Fear of the wolf is a deeply entrenched cultural trait in Sweden. Yesterday, upon arriving in Särna, the small village at the foot of the mountain where I am staying, I see a group of teenagers by the gas station. They are hanging out on their snowmobiles; Thursday night in Särna and not a hell of a lot else going on. One of them wears a hoodie that reads ‘våga vägra varg i Sverige’ on the back — ‘just say no to wolves in Sweden’. A few days later I’m told that wolves have been found mauled by snowmobiles; perhaps by accident, but just as likely a purposeful roadkill. The trick is to throw the dead wolf onto a passing log truck in for a long haul away from the scene of the crime.

The area surrounding the National Park is basically all pine and spruce forest. Most of it is planted, harvested and processed by big timber corporations. The two main economies in this part of Sweden (and indeed in large parts of the country) are forestry and tourism. As the two tend to overlap in the great outdoors, there is an inherent conflict of interest here — the scenery of any given landscape very much coloured by the lenses of the beholder. Even the great naturalist Linnaeus saw the landscape in primarily economic terms, and his notes from a journey through the area in 1734 reveal as much. His comments on agriculture, forest management, minerals and available game in the area read like an instructive manual for exploitation and many of his suggestions were put into practice, notably the use of rivers for transportation of timber.

If unsightly in the winter I can only imagine what the clearcut patches look like come spring and summer when the full extent of the wreckage is laid bare. I have always been fascinated by landscapes of this kind — rendered apocalypticall empty but for a few remaining deadwoods, and often, as is the practice in much of Sweden, thinly veiled behind a curtain of trees along the highways.
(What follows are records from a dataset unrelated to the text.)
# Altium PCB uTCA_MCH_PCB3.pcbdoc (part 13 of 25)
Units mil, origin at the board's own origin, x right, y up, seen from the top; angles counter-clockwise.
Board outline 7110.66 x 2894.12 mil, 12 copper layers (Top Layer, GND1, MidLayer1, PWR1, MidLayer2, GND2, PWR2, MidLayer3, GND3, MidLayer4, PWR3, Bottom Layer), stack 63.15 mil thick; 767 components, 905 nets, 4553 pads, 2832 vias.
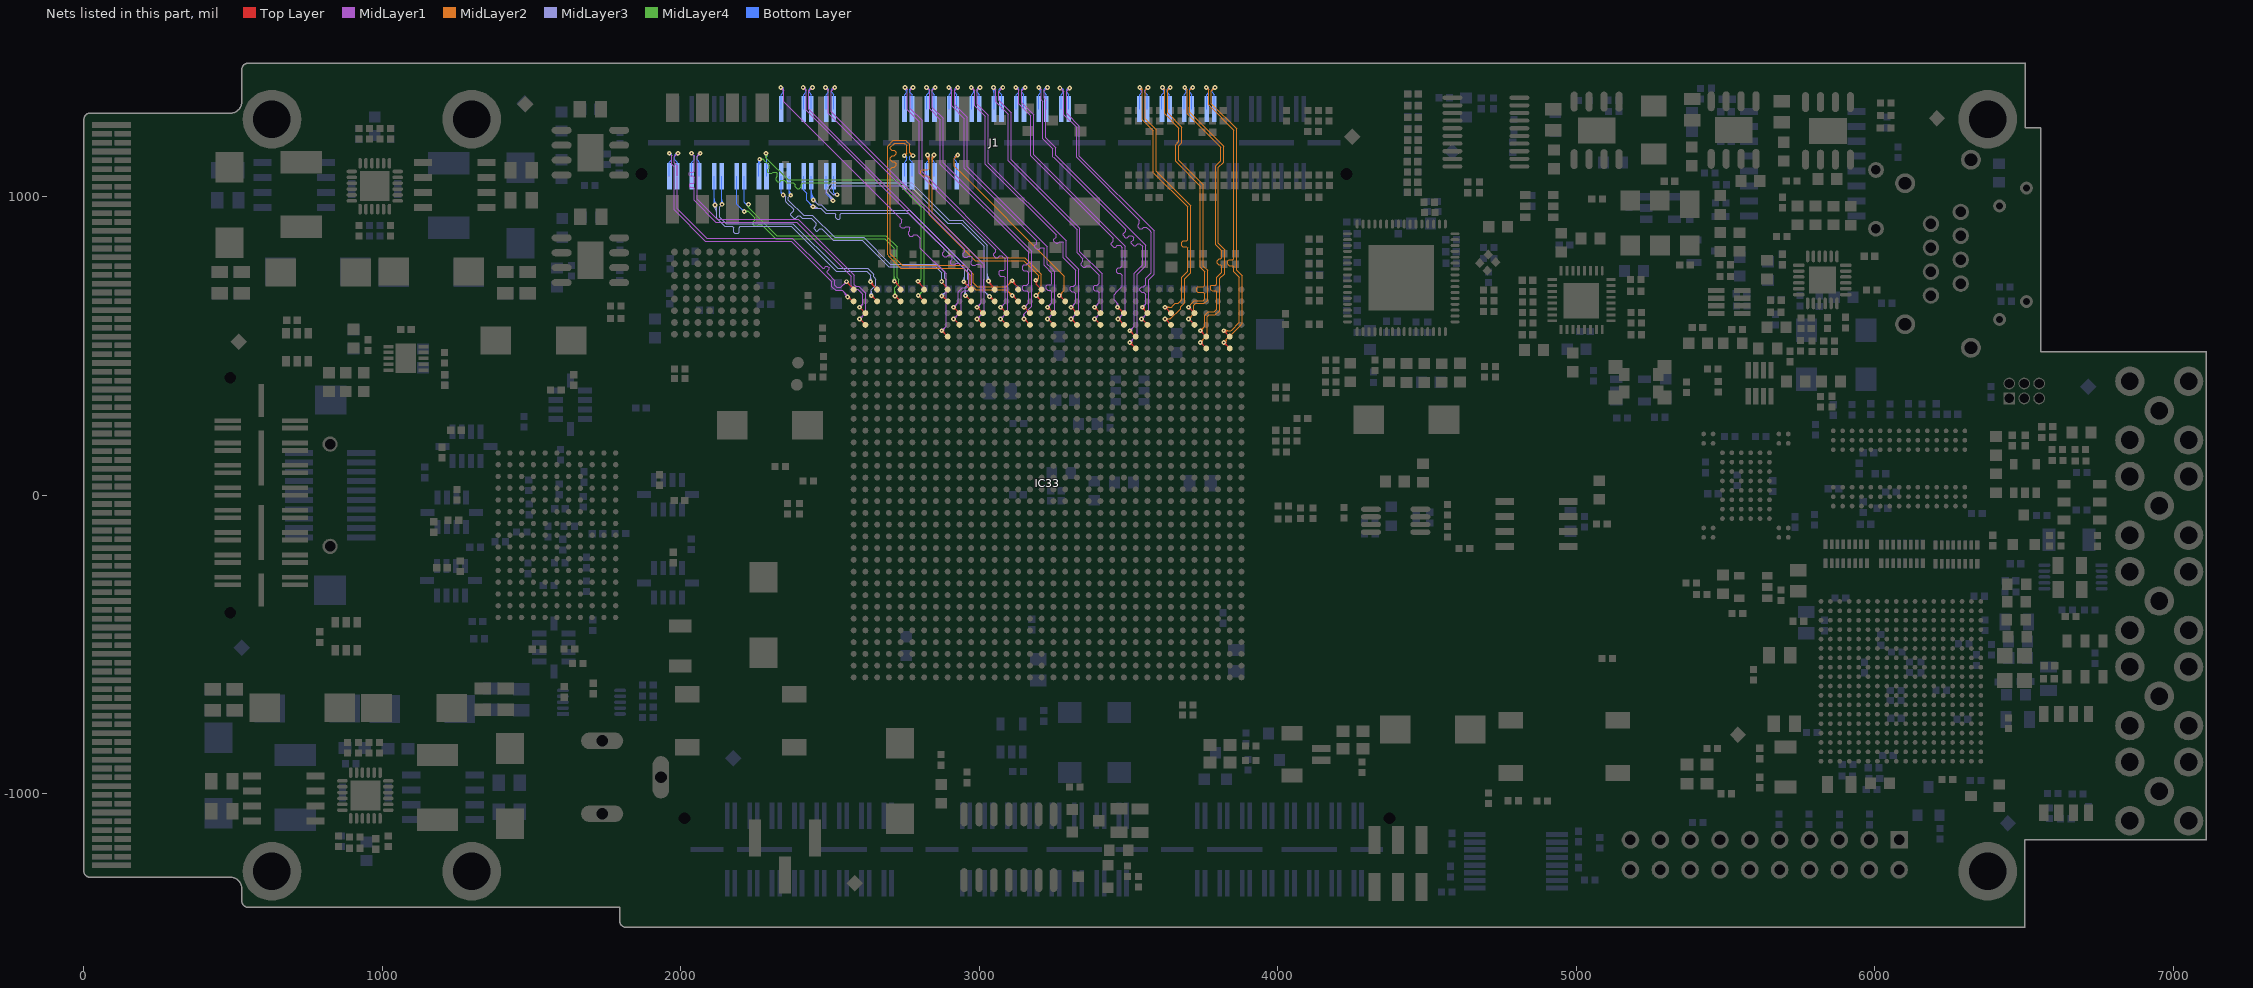
[diagram p23: the nets of this part, all layers, seen from the top]

## Via types
v1: diameter 15.75, hole 5.91, Top Layer to Bottom Layer, tented both sides, 2480 vias
v2: diameter 23.62, hole 11.81, Top Layer to Bottom Layer, tented both sides, 325 vias
v3: diameter 20, hole 10, Top Layer to Bottom Layer, tented both sides, 16 vias
v4: diameter 15.75, hole 7.87, Top Layer to Bottom Layer, tented both sides, 9 vias
v5: diameter 23.62, hole 11.81, Top Layer to Bottom Layer, 1 vias
v6: diameter 15.75, hole 5.91, Top Layer to Bottom Layer, 1 vias

## Nets (pads, with @x,y where several pads share a name; then routed paths per layer and width w, separated by ;. In a path a pad name is that pad's centre, name@x,y a point inside that pad or via, vN(x,y) a via of type N, cw(c..) or ccw(c..) an arc to the next point about the centre after c; other vN are vias at no path point) (continued)
MGTRX113_1_P: IC33.AF5 J1.21 | length 1283.8
  Top Layer w3.94: v1@2874.02,545.28 cw(c2874.02,531.02) 2884.1,541.1 cw(c2894.18,551.18) v1@2879.92,551.18 ; v1(2874.02,551.18) IC33.AF5@2893.7,531.5
  MidLayer1 w3.54: v1(2334.64,1366.14) 2344.58,1356.2 ; v1@2334.85,1360.04 cw(c2335.3,1346.92) 2344.58,1356.2 ; v1@2340.74,1365.93 ccw(c2353.86,1365.48) 2344.58,1356.2 ; v1(2874.02,551.18) 2888.34,565.51 2888.34,741.37 2802.41,827.3 2802.41,860.79 2792.48,870.72 2790.43,872.77 2780.88,872.77 2776.51,868.4 2766.96,868.4 2762.87,872.49 2762.87,882.04 2767.24,886.41 2767.24,895.96 2763.15,900.05 2753.6,900.05 2749.23,895.68 2739.68,895.68 2735.59,899.77 2735.59,909.32 2739.96,913.69 2739.96,923.24 2738.19,925.01 2344.58,1318.62 2344.58,1356.2 ; v1@2874.02,557.28 ccw(c2874.02,572.02) 2884.43,561.6 ccw(c2894.85,551.18) v1@2880.12,551.18
  Bottom Layer w3.94: v1(2334.64,1366.14) 2338.33,1366.14 2343.74,1360.73 ; J1.21@2336.61,1293.9 2336.61,1342.2 2343.74,1349.33 2343.74,1360.73 ; v1@2337.98,1361.26 cw(c2340.54,1357.52) 2343.74,1360.73 ; v1@2340.55,1366.14 ccw(c2345.89,1366.14) 2342.11,1362.36
MGTRX113_2_N: IC33.AE4 J1.27 | length 1236.2
  Top Layer w3.94: v1@2913.39,584.65 cw(c2913.39,570.39) 2923.47,580.47 cw(c2933.55,590.55) v1@2919.29,590.55 ; v1(2913.39,590.55) IC33.AE4@2933.07,570.87
  MidLayer1 w3.54: v1@2434.84,1366.14 cw(c2420.11,1366.14) 2430.52,1355.72 cw(c2440.94,1345.3) v1@2440.94,1360.04 ; v1(2440.94,1366.14) 2429.2,1354.4 2429.2,1293.55 2971.92,750.83 2974.8,747.95 2974.8,698.31 2971.92,695.43 2961.84,685.35 2947.52,685.35 2939.1,676.93 2939.1,616.27 v1(2913.39,590.55) ; v1@2913.39,596.65 ccw(c2913.39,611.39) 2923.8,600.97 ccw(c2934.22,590.55) v1@2919.49,590.55
  Bottom Layer w3.94: 2432.91,1364 cw(c2436.67,1360.23) v1@2439.79,1364.54 ; J1.27@2436.77,1293.9 2436.77,1342.2 2429.64,1349.33 2429.64,1360.73 ; v1@2437.48,1361.35 ccw(c2433.93,1356.44) 2429.64,1360.73 ; v1(2440.94,1366.14) 2435.06,1366.14 2429.64,1360.73
MGTRX113_2_P: IC33.AE3 J1.25 | length 1229.6
  Top Layer w3.94: v1@2913.39,624.02 cw(c2913.39,609.76) 2923.47,619.84 cw(c2933.55,629.92) v1@2919.29,629.92 ; v1(2913.39,629.92) IC33.AE3@2933.07,610.24
  MidLayer1 w3.54: v1(2409.44,1366.14) 2419.36,1356.23 ; v1@2409.66,1360.04 cw(c2410.13,1347) 2419.36,1356.23 ; v1@2415.54,1365.92 ccw(c2428.59,1365.46) 2419.36,1356.23 ; v1(2913.39,629.92) 2929.26,645.8 2929.26,681.01 2943.44,695.19 2957.76,695.19 2964.96,702.39 2964.96,743.87 2934.28,774.55 2932.24,776.59 2922.69,776.59 2918.32,772.22 2908.77,772.22 2904.68,776.31 2904.68,785.86 2909.05,790.23 2909.05,799.78 2904.96,803.87 2895.41,803.87 2891.04,799.5 2881.49,799.5 2877.4,803.59 2877.4,813.14 2881.77,817.51 2881.77,827.06 2879.57,829.26 2419.36,1289.47 2419.36,1356.23 ; v1@2913.39,636.02 ccw(c2913.39,650.76) 2923.8,640.34 ccw(c2934.22,629.92) v1@2919.49,629.92
  Bottom Layer w3.94: v1(2409.44,1366.14) 2413.29,1366.14 2418.7,1360.73 ; J1.25@2411.57,1293.9 2411.57,1342.2 2418.7,1349.33 2418.7,1360.73 ; v1@2412.79,1361.27 cw(c2415.42,1357.44) 2418.7,1360.73 ; v1@2415.35,1366.14 ccw(c2420.31,1366.14) 2416.8,1362.63
MGTRX113_3_N: IC33.AC4 J1.31 | length 1198.3
  Top Layer w3.94: v1@2992.13,584.65 cw(c2992.13,570.39) 3002.21,580.47 cw(c3012.29,590.55) v1@2998.03,590.55 ; v1(2992.13,590.55) IC33.AC4@3011.81,570.87
  MidLayer1 w3.54: v1@2509.64,1366.14 cw(c2494.91,1366.14) 2505.33,1355.72 cw(c2515.74,1345.3) v1@2515.74,1360.04 ; v1(2515.74,1366.14) 2504.2,1354.6 2504.2,1284.02 3016.72,771.5 3016.72,615.15 v1(2992.13,590.55) ; v1@2992.13,596.65 ccw(c2992.13,611.39) 3002.54,600.97 ccw(c3012.96,590.55) v1@2998.23,590.55
  Bottom Layer w3.94: 2507.87,1364 cw(c2511.55,1360.32) v1@2514.59,1364.54 ; J1.31@2511.73,1293.9 2511.73,1342.2 2504.6,1349.33 2504.6,1360.73 ; v1@2512.29,1361.35 ccw(c2508.81,1356.52) 2504.6,1360.73 ; v1(2515.74,1366.14) 2510.02,1366.14 2504.6,1360.73
MGTRX113_3_P: IC33.AC3 J1.29 | length 1193.9
  Top Layer w3.94: v1@2992.13,624.02 cw(c2992.13,609.76) 3002.21,619.84 cw(c3012.29,629.92) v1@2998.03,629.92 ; v1(2992.13,629.92) IC33.AC3@3011.81,610.24
  MidLayer1 w3.54: v1(2484.25,1366.14) 2494.36,1356.03 ; v1@2484.38,1360.04 cw(c2484.67,1346.34) 2494.36,1356.03 ; v1@2490.35,1366.01 ccw(c2504.04,1365.72) 2494.36,1356.03 ; v1(2992.13,629.92) 3006.88,644.68 3006.88,767.42 3002.18,772.12 3000.13,774.17 2990.58,774.17 2986.21,769.8 2976.66,769.8 2972.57,773.89 2972.57,783.44 2976.94,787.81 2976.94,797.36 2972.85,801.45 2963.3,801.45 2958.93,797.08 2949.38,797.08 2945.29,801.17 2945.29,810.72 2950.71,816.15 2950.71,823.59 2494.36,1279.94 2494.36,1356.03 ; v1@2992.13,636.02 ccw(c2992.13,650.76) 3002.54,640.34 ccw(c3012.96,629.92) v1@2998.23,629.92
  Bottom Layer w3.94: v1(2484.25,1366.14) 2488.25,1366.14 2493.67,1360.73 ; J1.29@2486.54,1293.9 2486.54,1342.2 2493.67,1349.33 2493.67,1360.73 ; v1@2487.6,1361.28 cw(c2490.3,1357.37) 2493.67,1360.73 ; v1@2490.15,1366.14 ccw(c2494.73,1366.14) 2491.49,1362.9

The mire at the entrance to the National Park offers a different view — a veritable time field with spruce and pine in different stages of growth. Nutrition and minerals are scant in the mire and the rate of growth is slow and arduous, judging from the twisted, gnarled features of a 500-year-old pine. Bent and twisted branches start pointing downward as centuries wear on as if they are drawn back into the soil from whence they sprang. The industrially cultivated forests nearby have none of this variety, which also means that they are poorer in terms of suitable habitats for other species — and infinitely more vulnerable to pests and natural disasters. The gnarly trees in the mire are perhaps less useful for our purposes, but they have mastered the art of resilience. The presence of wolf lichen is but one example of the benefits of allowing a forest to take its time.

Stewart Brand, of Whole Earth Review fame, has written an excellent book called The Clock of the Long Now, where he puts forth arguments for a perspective on time that relates to an ongoing, long-term chronos rather than the more immediate and short-lived kairos; an argument which feels particularly pertinent when looking at the trees in this mire. Trees like these manifest that which lasts, endures and somehow manages to cope with changes over time. My daily life is very much along the kairos timescale, with time neatly divided into allotted segments for work, family and ’other’; usually meaning eating and resting. That there is a lack of superstructural flow in some segments becomes painfully evident when we’re running late for daycare in the mornings: my five-year-old and his little sister deep in their game give me blank stares when I say that we must go because it’s getting late. They simply don’t get it: the abstract concept of time as denoted by the clock. Their time is the ongoing kind, same as it is for a tree.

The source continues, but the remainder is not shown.